◆ **TASK DETAILS**
In the records that follow, find the line with "#26=DIRECTION('',(1.,0.,0.));"; from there, retype every line exactly through the line with "#42=EDGE_CURVE('P0_E42',#41,#41,#39,.T.);", which also belongs to the answer.

** DATA UNDER STUDY follows **

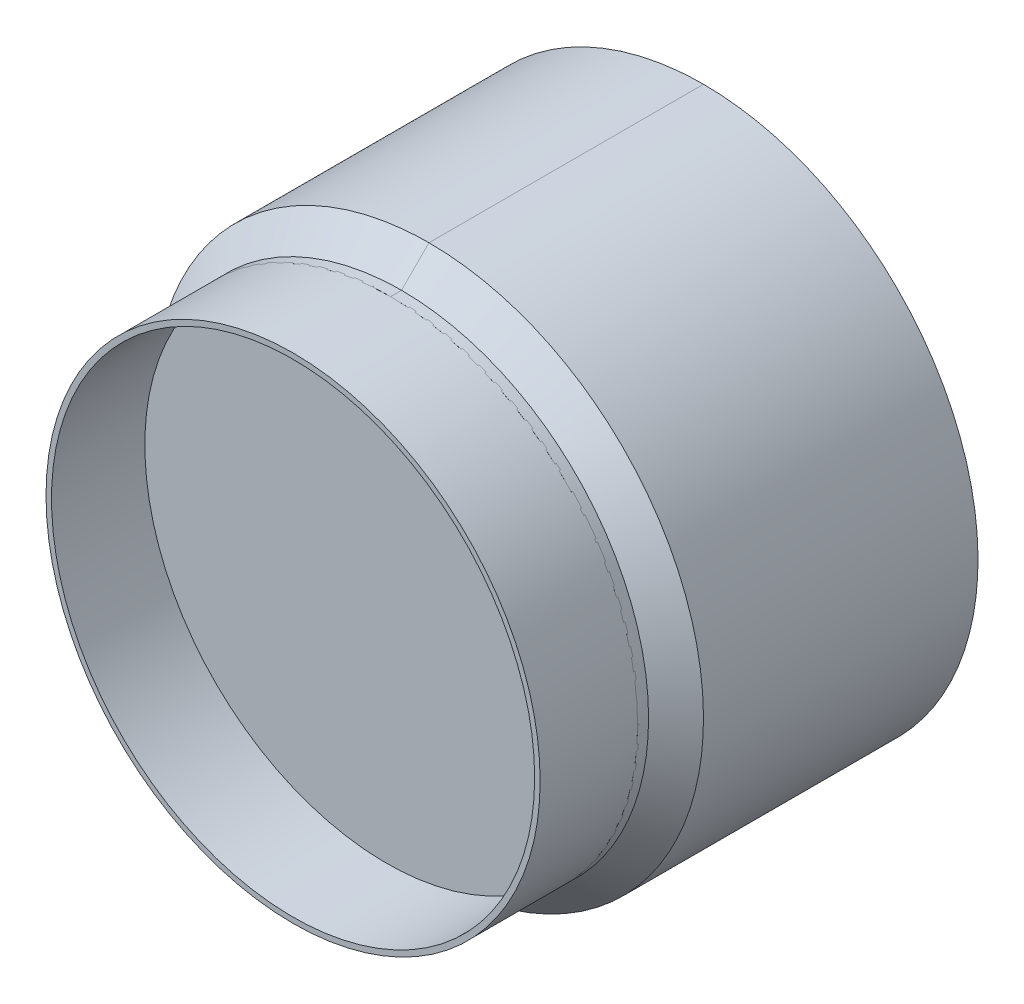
ISO-10303-21;
HEADER;
FILE_DESCRIPTION(('STEP AP214'),'2;1');
FILE_NAME('part.step','',(''),(''),'','','');
FILE_SCHEMA(('AUTOMOTIVE_DESIGN { 1 0 10303 214 1 1 1 1 }'));
ENDSEC;
DATA;
#1=APPLICATION_CONTEXT('core data for automotive mechanical design processes');
#2=APPLICATION_PROTOCOL_DEFINITION('international standard','automotive_design',2000,#1);
#3=PRODUCT_CONTEXT('',#1,'mechanical');
#4=PRODUCT('Part','Part','',(#3));
#5=PRODUCT_RELATED_PRODUCT_CATEGORY('part','',(#4));
#6=PRODUCT_DEFINITION_FORMATION('','',#4);
#7=PRODUCT_DEFINITION_CONTEXT('part definition',#1,'design');
#8=PRODUCT_DEFINITION('design','',#6,#7);
#9=PRODUCT_DEFINITION_SHAPE('','',#8);
#10=(LENGTH_UNIT() NAMED_UNIT(*) SI_UNIT(.MILLI.,.METRE.));
#11=(NAMED_UNIT(*) PLANE_ANGLE_UNIT() SI_UNIT($,.RADIAN.));
#12=(NAMED_UNIT(*) SI_UNIT($,.STERADIAN.) SOLID_ANGLE_UNIT());
#13=UNCERTAINTY_MEASURE_WITH_UNIT(LENGTH_MEASURE(1.E-05),#10,'distance_accuracy_value','');
#14=(GEOMETRIC_REPRESENTATION_CONTEXT(3) GLOBAL_UNCERTAINTY_ASSIGNED_CONTEXT((#13)) GLOBAL_UNIT_ASSIGNED_CONTEXT((#10,
#11,#12)) REPRESENTATION_CONTEXT('',''));
#15=CARTESIAN_POINT('',(0.,0.,0.));
#16=DIRECTION('',(0.,0.,1.));
#17=DIRECTION('',(1.,0.,0.));
#18=AXIS2_PLACEMENT_3D('',#15,#16,#17);
#19=CARTESIAN_POINT('',(309.000000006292,-167.99999998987,363.5));
#20=DIRECTION('',(0.,0.,-1.));
#21=DIRECTION('',(-1.,0.,0.));
#22=AXIS2_PLACEMENT_3D('',#19,#20,#21);
#23=CYLINDRICAL_SURFACE('',#22,44.9999999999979);
#24=CARTESIAN_POINT('',(309.000000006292,-167.99999998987,363.5));
#25=DIRECTION('',(0.,0.,1.));
#26=DIRECTION('',(1.,0.,0.));
#27=AXIS2_PLACEMENT_3D('',#24,#25,#26);
#28=CIRCLE('',#27,44.9999999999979);
#29=CARTESIAN_POINT('',(354.00000000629,-167.99999998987,363.5));
#30=VERTEX_POINT('',#29);
#31=EDGE_CURVE('P0_E10',#30,#30,#28,.T.);
#32=ORIENTED_EDGE('',*,*,#31,.F.);
#33=EDGE_LOOP('',(#32));
#34=FACE_BOUND('',#33,.T.);
#35=CARTESIAN_POINT('',(309.000000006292,-167.99999998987,345.5));
#36=DIRECTION('',(0.,0.,1.));
#37=DIRECTION('',(1.,0.,0.));
#38=AXIS2_PLACEMENT_3D('',#35,#36,#37);
#39=CIRCLE('',#38,44.9999999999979);
#40=CARTESIAN_POINT('',(354.00000000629,-167.99999998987,345.5));
#41=VERTEX_POINT('',#40);
#42=EDGE_CURVE('P0_E42',#41,#41,#39,.T.);
#43=ORIENTED_EDGE('',*,*,#42,.T.);
#44=EDGE_LOOP('',(#43));
#45=FACE_BOUND('',#44,.T.);
#46=ADVANCED_FACE('P0_F39',(#34,#45),#23,.T.);
#47=CARTESIAN_POINT('',(309.000000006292,-167.99999998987,363.5));
#48=DIRECTION('',(0.,0.,1.));
#49=DIRECTION('',(1.,0.,0.));
#50=AXIS2_PLACEMENT_3D('',#47,#48,#49);
#51=PLANE('',#50);
#52=CARTESIAN_POINT('',(309.000000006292,-167.99999998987,363.5));
#53=DIRECTION('',(0.,0.,1.));
#54=DIRECTION('',(1.,0.,0.));
#55=AXIS2_PLACEMENT_3D('',#52,#53,#54);
#56=CIRCLE('',#55,43.9999999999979);
#57=CARTESIAN_POINT('',(353.00000000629,-167.99999998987,363.5));
#58=VERTEX_POINT('',#57);
#59=EDGE_CURVE('P0_E49',#58,#58,#56,.T.);
#60=ORIENTED_EDGE('',*,*,#59,.F.);
#61=EDGE_LOOP('',(#60));
#62=FACE_BOUND('',#61,.T.);
#63=ORIENTED_EDGE('',*,*,#31,.T.);
#64=EDGE_LOOP('',(#63));
#65=FACE_BOUND('',#64,.T.);
#66=ADVANCED_FACE('P0_F69',(#62,#65),#51,.T.);
#67=CARTESIAN_POINT('',(309.000000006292,-167.99999998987,345.5));
#68=DIRECTION('',(0.,0.,1.));
#69=DIRECTION('',(1.,0.,0.));
#70=AXIS2_PLACEMENT_3D('',#67,#68,#69);
#71=PLANE('',#70);
#72=ORIENTED_EDGE('',*,*,#42,.F.);
#73=EDGE_LOOP('',(#72));
#74=FACE_BOUND('',#73,.T.);
#75=ADVANCED_FACE('P0_F61',(#74),#71,.F.);
#76=CARTESIAN_POINT('',(309.000000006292,-167.99999998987,363.5));
#77=DIRECTION('',(0.,0.,-1.));
#78=DIRECTION('',(-1.,0.,0.));
#79=AXIS2_PLACEMENT_3D('',#76,#77,#78);
#80=CYLINDRICAL_SURFACE('',#79,43.9999999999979);
#81=ORIENTED_EDGE('',*,*,#59,.T.);
#82=EDGE_LOOP('',(#81));
#83=FACE_BOUND('',#82,.T.);
#84=CARTESIAN_POINT('',(309.000000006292,-167.99999998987,346.5));
#85=DIRECTION('',(0.,0.,1.));
#86=DIRECTION('',(1.,0.,0.));
#87=AXIS2_PLACEMENT_3D('',#84,#85,#86);
#88=CIRCLE('',#87,43.9999999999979);
#89=CARTESIAN_POINT('',(353.00000000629,-167.99999998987,346.5));
#90=VERTEX_POINT('',#89);
#91=EDGE_CURVE('P0_E53',#90,#90,#88,.T.);
#92=ORIENTED_EDGE('',*,*,#91,.F.);
#93=EDGE_LOOP('',(#92));
#94=FACE_BOUND('',#93,.T.);
#95=ADVANCED_FACE('P0_F59',(#83,#94),#80,.F.);
#96=CARTESIAN_POINT('',(309.000000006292,-167.99999998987,346.5));
#97=DIRECTION('',(0.,0.,1.));
#98=DIRECTION('',(1.,0.,0.));
#99=AXIS2_PLACEMENT_3D('',#96,#97,#98);
#100=PLANE('',#99);
#101=ORIENTED_EDGE('',*,*,#91,.T.);
#102=EDGE_LOOP('',(#101));
#103=FACE_BOUND('',#102,.T.);
#104=ADVANCED_FACE('P0_F57',(#103),#100,.T.);
#105=CLOSED_SHELL('',(#46,#66,#75,#95,#104));
#106=MANIFOLD_SOLID_BREP('P0_B2',#105);
#107=CARTESIAN_POINT('',(309.000000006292,-122.999999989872,343.750000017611));
#108=CARTESIAN_POINT('',(354.000000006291,-122.999999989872,343.750000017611));
#109=CARTESIAN_POINT('',(354.000000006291,-167.99999998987,343.750000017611));
#110=CARTESIAN_POINT('',(354.000000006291,-212.999999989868,343.750000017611));
#111=CARTESIAN_POINT('',(309.000000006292,-212.999999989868,343.750000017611));
#112=CARTESIAN_POINT('',(309.000000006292,-122.999999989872,345.750000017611));
#113=CARTESIAN_POINT('',(354.000000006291,-122.999999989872,345.750000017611));
#114=CARTESIAN_POINT('',(354.000000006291,-167.99999998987,345.750000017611));
#115=CARTESIAN_POINT('',(354.000000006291,-212.999999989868,345.750000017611));
#116=CARTESIAN_POINT('',(309.000000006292,-212.999999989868,345.750000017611));
#117=(BOUNDED_SURFACE() B_SPLINE_SURFACE(1,2,((#107,#108,#109,#110,#111),(#112,#113,#114,#115,
#116)),.UNSPECIFIED.,.F.,.F.,.F.) B_SPLINE_SURFACE_WITH_KNOTS((2,2),(3,2,3),(30.6666666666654,
61.3333333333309),(141.371669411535,212.057504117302,282.74333882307),
.UNSPECIFIED.) GEOMETRIC_REPRESENTATION_ITEM() RATIONAL_B_SPLINE_SURFACE(((1.,0.707106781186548,
1.,0.707106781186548,1.),(1.,0.707106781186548,1.,0.707106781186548,1.))) REPRESENTATION_ITEM('') SURFACE());
#118=CARTESIAN_POINT('',(309.000000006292,-122.999999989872,343.750000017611));
#119=CARTESIAN_POINT('',(309.000000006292,-122.999999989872,345.750000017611));
#120=(BOUNDED_CURVE() B_SPLINE_CURVE(1,(#118,#119),.UNSPECIFIED.,.F.,
.F.) B_SPLINE_CURVE_WITH_KNOTS((2,2),(30.6666666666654,61.3333333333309),
.UNSPECIFIED.) CURVE() GEOMETRIC_REPRESENTATION_ITEM() RATIONAL_B_SPLINE_CURVE((1.,1.)) REPRESENTATION_ITEM(''));
#121=CARTESIAN_POINT('',(309.000000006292,-122.999999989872,343.750000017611));
#122=VERTEX_POINT('',#121);
#123=CARTESIAN_POINT('',(309.000000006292,-122.999999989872,345.750000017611));
#124=VERTEX_POINT('',#123);
#125=EDGE_CURVE('P1_E22',#122,#124,#120,.T.);
#126=CARTESIAN_POINT('',(309.000000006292,-122.999999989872,345.750000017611));
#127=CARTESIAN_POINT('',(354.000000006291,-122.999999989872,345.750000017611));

** End of DATA UNDER STUDY **

◆ **ANSWER FOR THE TASK**
#26=DIRECTION('',(1.,0.,0.));
#27=AXIS2_PLACEMENT_3D('',#24,#25,#26);
#28=CIRCLE('',#27,44.9999999999979);
#29=CARTESIAN_POINT('',(354.00000000629,-167.99999998987,363.5));
#30=VERTEX_POINT('',#29);
#31=EDGE_CURVE('P0_E10',#30,#30,#28,.T.);
#32=ORIENTED_EDGE('',*,*,#31,.F.);
#33=EDGE_LOOP('',(#32));
#34=FACE_BOUND('',#33,.T.);
#35=CARTESIAN_POINT('',(309.000000006292,-167.99999998987,345.5));
#36=DIRECTION('',(0.,0.,1.));
#37=DIRECTION('',(1.,0.,0.));
#38=AXIS2_PLACEMENT_3D('',#35,#36,#37);
#39=CIRCLE('',#38,44.9999999999979);
#40=CARTESIAN_POINT('',(354.00000000629,-167.99999998987,345.5));
#41=VERTEX_POINT('',#40);
#42=EDGE_CURVE('P0_E42',#41,#41,#39,.T.);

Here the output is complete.